--- Source records ---

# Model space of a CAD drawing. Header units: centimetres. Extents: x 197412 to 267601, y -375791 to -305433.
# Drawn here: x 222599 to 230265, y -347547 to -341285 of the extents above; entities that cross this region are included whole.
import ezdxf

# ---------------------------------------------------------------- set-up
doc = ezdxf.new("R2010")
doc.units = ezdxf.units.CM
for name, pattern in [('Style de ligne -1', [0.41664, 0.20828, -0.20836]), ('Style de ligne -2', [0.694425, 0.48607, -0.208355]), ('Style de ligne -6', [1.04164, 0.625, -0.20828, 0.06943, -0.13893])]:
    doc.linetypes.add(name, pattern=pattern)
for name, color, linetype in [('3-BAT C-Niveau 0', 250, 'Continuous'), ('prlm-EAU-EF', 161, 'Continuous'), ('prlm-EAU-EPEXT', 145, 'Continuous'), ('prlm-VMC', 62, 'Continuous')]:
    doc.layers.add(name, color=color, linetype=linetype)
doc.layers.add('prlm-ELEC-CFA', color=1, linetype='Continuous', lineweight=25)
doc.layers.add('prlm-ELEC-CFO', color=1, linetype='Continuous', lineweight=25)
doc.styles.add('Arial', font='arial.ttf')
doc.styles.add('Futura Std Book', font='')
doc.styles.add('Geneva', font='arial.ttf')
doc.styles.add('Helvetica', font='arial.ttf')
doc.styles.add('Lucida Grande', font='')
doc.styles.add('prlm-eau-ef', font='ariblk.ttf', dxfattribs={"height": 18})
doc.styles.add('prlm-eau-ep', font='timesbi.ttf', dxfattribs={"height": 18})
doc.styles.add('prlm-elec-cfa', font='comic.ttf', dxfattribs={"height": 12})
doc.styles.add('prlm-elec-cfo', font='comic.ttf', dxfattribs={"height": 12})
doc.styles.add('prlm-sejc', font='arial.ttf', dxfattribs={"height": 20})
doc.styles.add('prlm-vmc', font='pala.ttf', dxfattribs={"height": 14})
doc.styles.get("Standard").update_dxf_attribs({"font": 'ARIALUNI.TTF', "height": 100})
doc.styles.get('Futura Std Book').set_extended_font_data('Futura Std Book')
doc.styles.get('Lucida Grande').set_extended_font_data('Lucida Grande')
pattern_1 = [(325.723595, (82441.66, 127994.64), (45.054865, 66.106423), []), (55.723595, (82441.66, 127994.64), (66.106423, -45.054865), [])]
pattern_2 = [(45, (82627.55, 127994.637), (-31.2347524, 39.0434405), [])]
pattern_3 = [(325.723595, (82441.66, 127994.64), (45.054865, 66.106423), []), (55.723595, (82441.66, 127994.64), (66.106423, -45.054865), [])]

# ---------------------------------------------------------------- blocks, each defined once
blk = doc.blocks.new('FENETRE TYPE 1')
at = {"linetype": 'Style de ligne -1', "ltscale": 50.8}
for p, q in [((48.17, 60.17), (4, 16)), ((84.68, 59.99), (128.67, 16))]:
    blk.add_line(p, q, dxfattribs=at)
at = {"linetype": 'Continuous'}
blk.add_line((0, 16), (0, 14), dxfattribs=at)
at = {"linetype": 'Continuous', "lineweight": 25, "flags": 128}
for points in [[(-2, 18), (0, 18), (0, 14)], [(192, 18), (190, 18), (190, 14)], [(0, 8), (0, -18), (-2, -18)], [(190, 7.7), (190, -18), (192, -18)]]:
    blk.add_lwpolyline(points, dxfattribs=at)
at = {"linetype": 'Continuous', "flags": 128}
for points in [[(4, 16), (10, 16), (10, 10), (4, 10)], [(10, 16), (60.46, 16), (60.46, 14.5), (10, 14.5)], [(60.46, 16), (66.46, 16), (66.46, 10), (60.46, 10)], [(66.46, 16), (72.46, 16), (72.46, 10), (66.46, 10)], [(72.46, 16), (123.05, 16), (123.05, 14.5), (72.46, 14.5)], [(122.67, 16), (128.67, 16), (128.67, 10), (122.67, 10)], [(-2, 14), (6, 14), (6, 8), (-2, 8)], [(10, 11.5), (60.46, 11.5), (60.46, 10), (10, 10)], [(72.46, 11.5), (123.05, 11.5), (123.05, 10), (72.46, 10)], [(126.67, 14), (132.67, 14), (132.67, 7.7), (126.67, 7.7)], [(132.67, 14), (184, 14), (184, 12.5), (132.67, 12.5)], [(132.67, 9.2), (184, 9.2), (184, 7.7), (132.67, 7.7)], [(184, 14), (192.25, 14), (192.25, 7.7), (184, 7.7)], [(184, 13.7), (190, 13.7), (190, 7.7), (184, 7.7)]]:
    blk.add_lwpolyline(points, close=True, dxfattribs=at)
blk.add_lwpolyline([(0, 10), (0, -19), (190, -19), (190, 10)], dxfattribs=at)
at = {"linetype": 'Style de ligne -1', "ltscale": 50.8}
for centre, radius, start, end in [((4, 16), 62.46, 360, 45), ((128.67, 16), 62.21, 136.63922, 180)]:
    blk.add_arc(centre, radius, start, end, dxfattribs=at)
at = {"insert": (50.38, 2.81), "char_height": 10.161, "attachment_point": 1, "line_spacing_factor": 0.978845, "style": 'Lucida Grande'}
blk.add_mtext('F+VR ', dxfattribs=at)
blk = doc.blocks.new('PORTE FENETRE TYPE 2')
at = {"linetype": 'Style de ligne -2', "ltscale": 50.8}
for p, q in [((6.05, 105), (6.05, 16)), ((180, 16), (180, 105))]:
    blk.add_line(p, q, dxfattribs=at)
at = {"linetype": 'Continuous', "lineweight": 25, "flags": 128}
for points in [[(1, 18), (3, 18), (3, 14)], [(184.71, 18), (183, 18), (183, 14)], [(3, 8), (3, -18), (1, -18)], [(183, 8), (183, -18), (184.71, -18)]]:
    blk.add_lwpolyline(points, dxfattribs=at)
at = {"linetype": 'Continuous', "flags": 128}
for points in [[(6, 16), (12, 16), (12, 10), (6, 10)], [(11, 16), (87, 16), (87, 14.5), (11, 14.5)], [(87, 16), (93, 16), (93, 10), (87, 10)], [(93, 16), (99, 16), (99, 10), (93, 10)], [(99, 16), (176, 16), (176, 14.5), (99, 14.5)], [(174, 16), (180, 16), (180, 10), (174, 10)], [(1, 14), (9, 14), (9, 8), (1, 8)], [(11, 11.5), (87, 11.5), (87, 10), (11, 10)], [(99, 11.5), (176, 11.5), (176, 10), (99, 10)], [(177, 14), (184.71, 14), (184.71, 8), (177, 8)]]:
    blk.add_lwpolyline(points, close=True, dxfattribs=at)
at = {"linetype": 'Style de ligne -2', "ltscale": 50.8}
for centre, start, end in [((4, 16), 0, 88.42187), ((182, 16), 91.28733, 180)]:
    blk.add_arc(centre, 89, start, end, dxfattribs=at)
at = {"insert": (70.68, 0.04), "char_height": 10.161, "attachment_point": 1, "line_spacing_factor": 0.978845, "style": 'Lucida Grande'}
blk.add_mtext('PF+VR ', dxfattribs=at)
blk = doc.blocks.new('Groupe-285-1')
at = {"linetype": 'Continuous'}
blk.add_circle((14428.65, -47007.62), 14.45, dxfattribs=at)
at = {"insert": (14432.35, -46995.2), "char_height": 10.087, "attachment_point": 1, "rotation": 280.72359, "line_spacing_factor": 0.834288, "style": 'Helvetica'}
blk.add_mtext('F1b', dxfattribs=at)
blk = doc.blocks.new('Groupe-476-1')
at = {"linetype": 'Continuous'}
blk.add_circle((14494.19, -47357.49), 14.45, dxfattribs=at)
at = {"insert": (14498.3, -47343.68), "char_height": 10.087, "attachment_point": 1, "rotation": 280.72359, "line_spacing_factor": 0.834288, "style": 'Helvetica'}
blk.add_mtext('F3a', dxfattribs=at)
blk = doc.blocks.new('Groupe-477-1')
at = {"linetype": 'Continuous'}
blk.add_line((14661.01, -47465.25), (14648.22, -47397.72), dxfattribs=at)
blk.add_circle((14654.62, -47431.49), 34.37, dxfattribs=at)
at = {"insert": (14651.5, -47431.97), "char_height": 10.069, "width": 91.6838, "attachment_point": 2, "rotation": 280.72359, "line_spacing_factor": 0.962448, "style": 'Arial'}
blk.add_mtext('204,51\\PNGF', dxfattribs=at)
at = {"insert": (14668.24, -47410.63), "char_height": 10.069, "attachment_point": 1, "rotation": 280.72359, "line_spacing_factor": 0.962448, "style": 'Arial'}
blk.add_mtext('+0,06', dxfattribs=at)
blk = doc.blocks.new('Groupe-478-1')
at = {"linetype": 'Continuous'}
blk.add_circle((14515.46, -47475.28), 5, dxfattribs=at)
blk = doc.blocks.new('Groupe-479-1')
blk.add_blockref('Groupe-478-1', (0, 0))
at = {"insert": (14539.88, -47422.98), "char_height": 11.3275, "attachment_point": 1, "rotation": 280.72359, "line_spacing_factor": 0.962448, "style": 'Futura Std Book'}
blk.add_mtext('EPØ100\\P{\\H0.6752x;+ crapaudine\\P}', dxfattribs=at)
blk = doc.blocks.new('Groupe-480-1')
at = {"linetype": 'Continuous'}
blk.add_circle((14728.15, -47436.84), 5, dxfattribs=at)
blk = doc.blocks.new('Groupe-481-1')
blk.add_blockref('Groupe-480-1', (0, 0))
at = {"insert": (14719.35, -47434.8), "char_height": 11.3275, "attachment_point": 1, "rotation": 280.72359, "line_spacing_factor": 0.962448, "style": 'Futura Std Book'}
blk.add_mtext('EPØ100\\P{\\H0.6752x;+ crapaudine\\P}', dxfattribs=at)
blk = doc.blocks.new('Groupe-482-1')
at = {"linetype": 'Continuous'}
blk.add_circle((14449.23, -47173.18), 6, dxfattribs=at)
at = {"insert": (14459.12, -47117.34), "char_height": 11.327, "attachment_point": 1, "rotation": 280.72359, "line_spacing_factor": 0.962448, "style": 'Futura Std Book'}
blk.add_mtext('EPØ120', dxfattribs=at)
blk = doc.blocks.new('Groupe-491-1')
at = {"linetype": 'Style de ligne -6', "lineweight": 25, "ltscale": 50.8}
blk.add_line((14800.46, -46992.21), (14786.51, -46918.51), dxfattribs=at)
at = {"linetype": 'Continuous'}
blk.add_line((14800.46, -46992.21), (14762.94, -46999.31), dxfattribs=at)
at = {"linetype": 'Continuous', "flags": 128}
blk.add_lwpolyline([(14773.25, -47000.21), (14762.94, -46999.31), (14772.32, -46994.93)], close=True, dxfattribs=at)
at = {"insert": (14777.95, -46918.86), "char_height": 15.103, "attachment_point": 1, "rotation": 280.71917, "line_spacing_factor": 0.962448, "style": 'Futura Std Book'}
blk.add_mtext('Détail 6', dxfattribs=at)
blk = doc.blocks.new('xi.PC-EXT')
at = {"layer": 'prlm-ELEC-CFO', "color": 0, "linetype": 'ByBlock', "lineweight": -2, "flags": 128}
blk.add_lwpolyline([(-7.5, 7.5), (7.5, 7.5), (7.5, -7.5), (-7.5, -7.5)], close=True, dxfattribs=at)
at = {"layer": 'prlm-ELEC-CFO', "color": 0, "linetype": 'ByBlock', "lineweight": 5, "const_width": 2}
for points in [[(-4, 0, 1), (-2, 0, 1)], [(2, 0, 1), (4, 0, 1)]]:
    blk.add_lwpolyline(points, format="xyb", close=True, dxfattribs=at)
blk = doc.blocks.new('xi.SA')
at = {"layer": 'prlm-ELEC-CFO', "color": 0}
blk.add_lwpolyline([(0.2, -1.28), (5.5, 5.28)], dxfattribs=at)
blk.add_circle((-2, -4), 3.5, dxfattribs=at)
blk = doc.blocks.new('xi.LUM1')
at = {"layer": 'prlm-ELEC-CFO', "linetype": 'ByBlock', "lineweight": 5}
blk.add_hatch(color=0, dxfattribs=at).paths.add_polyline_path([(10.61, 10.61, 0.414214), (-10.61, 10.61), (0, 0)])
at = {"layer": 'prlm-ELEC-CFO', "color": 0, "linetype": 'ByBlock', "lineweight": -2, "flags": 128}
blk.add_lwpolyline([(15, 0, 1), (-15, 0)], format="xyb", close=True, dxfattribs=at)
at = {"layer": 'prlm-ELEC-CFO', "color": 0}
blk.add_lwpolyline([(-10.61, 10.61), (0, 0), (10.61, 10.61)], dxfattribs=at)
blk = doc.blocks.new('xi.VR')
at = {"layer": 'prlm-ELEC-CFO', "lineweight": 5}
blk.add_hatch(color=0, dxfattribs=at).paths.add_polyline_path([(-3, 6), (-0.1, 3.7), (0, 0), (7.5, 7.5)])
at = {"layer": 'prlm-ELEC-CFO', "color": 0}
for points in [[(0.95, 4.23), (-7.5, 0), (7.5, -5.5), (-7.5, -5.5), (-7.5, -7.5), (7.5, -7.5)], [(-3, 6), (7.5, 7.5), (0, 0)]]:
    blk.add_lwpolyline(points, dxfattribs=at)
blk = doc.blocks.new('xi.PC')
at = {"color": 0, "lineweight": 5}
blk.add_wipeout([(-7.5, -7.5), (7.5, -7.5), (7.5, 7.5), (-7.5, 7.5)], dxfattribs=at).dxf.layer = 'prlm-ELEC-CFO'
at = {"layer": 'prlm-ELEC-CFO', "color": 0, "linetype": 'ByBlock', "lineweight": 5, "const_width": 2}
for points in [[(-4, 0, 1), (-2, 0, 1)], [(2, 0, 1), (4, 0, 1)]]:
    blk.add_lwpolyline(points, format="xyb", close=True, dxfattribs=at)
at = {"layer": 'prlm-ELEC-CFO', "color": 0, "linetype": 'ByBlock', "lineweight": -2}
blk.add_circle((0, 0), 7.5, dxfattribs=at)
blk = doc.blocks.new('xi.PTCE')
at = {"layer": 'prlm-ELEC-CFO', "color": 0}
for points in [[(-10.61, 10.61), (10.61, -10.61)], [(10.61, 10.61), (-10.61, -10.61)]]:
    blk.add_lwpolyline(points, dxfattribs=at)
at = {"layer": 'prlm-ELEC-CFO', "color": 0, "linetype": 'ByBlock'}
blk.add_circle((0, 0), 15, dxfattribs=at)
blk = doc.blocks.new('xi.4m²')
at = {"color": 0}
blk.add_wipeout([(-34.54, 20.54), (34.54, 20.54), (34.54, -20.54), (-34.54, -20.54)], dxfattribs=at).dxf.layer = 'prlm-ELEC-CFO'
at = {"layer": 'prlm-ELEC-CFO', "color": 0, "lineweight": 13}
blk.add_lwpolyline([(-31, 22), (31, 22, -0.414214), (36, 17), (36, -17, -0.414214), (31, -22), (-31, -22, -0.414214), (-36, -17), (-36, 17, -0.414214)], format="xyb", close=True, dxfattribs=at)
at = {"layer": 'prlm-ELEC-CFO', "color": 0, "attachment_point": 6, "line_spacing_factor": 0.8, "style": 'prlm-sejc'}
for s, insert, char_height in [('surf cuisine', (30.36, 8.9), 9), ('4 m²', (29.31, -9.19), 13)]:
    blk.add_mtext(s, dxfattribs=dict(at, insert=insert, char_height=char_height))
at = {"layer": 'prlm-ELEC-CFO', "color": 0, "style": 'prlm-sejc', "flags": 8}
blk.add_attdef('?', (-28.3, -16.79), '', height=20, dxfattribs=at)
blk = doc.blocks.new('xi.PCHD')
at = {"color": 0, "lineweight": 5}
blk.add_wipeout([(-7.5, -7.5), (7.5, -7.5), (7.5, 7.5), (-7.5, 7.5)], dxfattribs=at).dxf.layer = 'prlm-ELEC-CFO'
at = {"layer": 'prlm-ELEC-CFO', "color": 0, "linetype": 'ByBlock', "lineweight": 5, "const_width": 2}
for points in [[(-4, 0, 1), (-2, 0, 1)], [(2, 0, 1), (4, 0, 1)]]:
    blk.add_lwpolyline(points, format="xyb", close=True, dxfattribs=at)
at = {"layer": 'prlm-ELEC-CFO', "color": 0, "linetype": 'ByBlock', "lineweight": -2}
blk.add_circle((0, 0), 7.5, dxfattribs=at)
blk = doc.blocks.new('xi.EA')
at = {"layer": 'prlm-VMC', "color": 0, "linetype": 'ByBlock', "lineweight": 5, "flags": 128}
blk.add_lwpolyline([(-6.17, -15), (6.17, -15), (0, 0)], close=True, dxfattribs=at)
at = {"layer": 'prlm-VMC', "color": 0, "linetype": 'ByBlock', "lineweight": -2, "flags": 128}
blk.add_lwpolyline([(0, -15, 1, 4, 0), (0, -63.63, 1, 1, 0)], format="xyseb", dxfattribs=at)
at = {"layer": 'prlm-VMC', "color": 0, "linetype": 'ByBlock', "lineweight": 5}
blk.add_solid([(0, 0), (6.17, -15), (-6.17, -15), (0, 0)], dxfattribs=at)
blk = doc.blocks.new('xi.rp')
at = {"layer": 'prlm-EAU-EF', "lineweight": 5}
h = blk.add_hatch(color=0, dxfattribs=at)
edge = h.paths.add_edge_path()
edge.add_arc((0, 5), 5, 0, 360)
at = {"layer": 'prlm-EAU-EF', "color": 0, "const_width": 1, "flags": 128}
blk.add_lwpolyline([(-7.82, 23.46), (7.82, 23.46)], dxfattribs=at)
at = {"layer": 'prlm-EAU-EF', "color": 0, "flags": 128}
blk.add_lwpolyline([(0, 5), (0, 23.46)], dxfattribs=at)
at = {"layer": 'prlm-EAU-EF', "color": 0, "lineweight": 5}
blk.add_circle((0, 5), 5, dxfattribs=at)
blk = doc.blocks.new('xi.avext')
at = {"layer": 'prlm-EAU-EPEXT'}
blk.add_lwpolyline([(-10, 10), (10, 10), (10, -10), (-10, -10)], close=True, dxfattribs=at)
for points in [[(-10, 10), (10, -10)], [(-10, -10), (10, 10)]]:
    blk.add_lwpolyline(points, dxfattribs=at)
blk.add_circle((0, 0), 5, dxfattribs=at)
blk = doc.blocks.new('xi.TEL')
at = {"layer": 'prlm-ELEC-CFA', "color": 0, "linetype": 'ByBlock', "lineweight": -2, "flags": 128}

--- Work item ---
Transcribe, exactly and without additions, the lines of the records above, beginning with the line that contains "(14648.22, -47397.72), dxfattribs=at)" and ending with the line that contains "blk.add_blockref('Groupe-478-1', (0, 0))", both included.

--- Response to this exercise ---
blk.add_line((14661.01, -47465.25), (14648.22, -47397.72), dxfattribs=at)
blk.add_circle((14654.62, -47431.49), 34.37, dxfattribs=at)
at = {"insert": (14651.5, -47431.97), "char_height": 10.069, "width": 91.6838, "attachment_point": 2, "rotation": 280.72359, "line_spacing_factor": 0.962448, "style": 'Arial'}
blk.add_mtext('204,51\\PNGF', dxfattribs=at)
at = {"insert": (14668.24, -47410.63), "char_height": 10.069, "attachment_point": 1, "rotation": 280.72359, "line_spacing_factor": 0.962448, "style": 'Arial'}
blk.add_mtext('+0,06', dxfattribs=at)
blk = doc.blocks.new('Groupe-478-1')
at = {"linetype": 'Continuous'}
blk.add_circle((14515.46, -47475.28), 5, dxfattribs=at)
blk = doc.blocks.new('Groupe-479-1')
blk.add_blockref('Groupe-478-1', (0, 0))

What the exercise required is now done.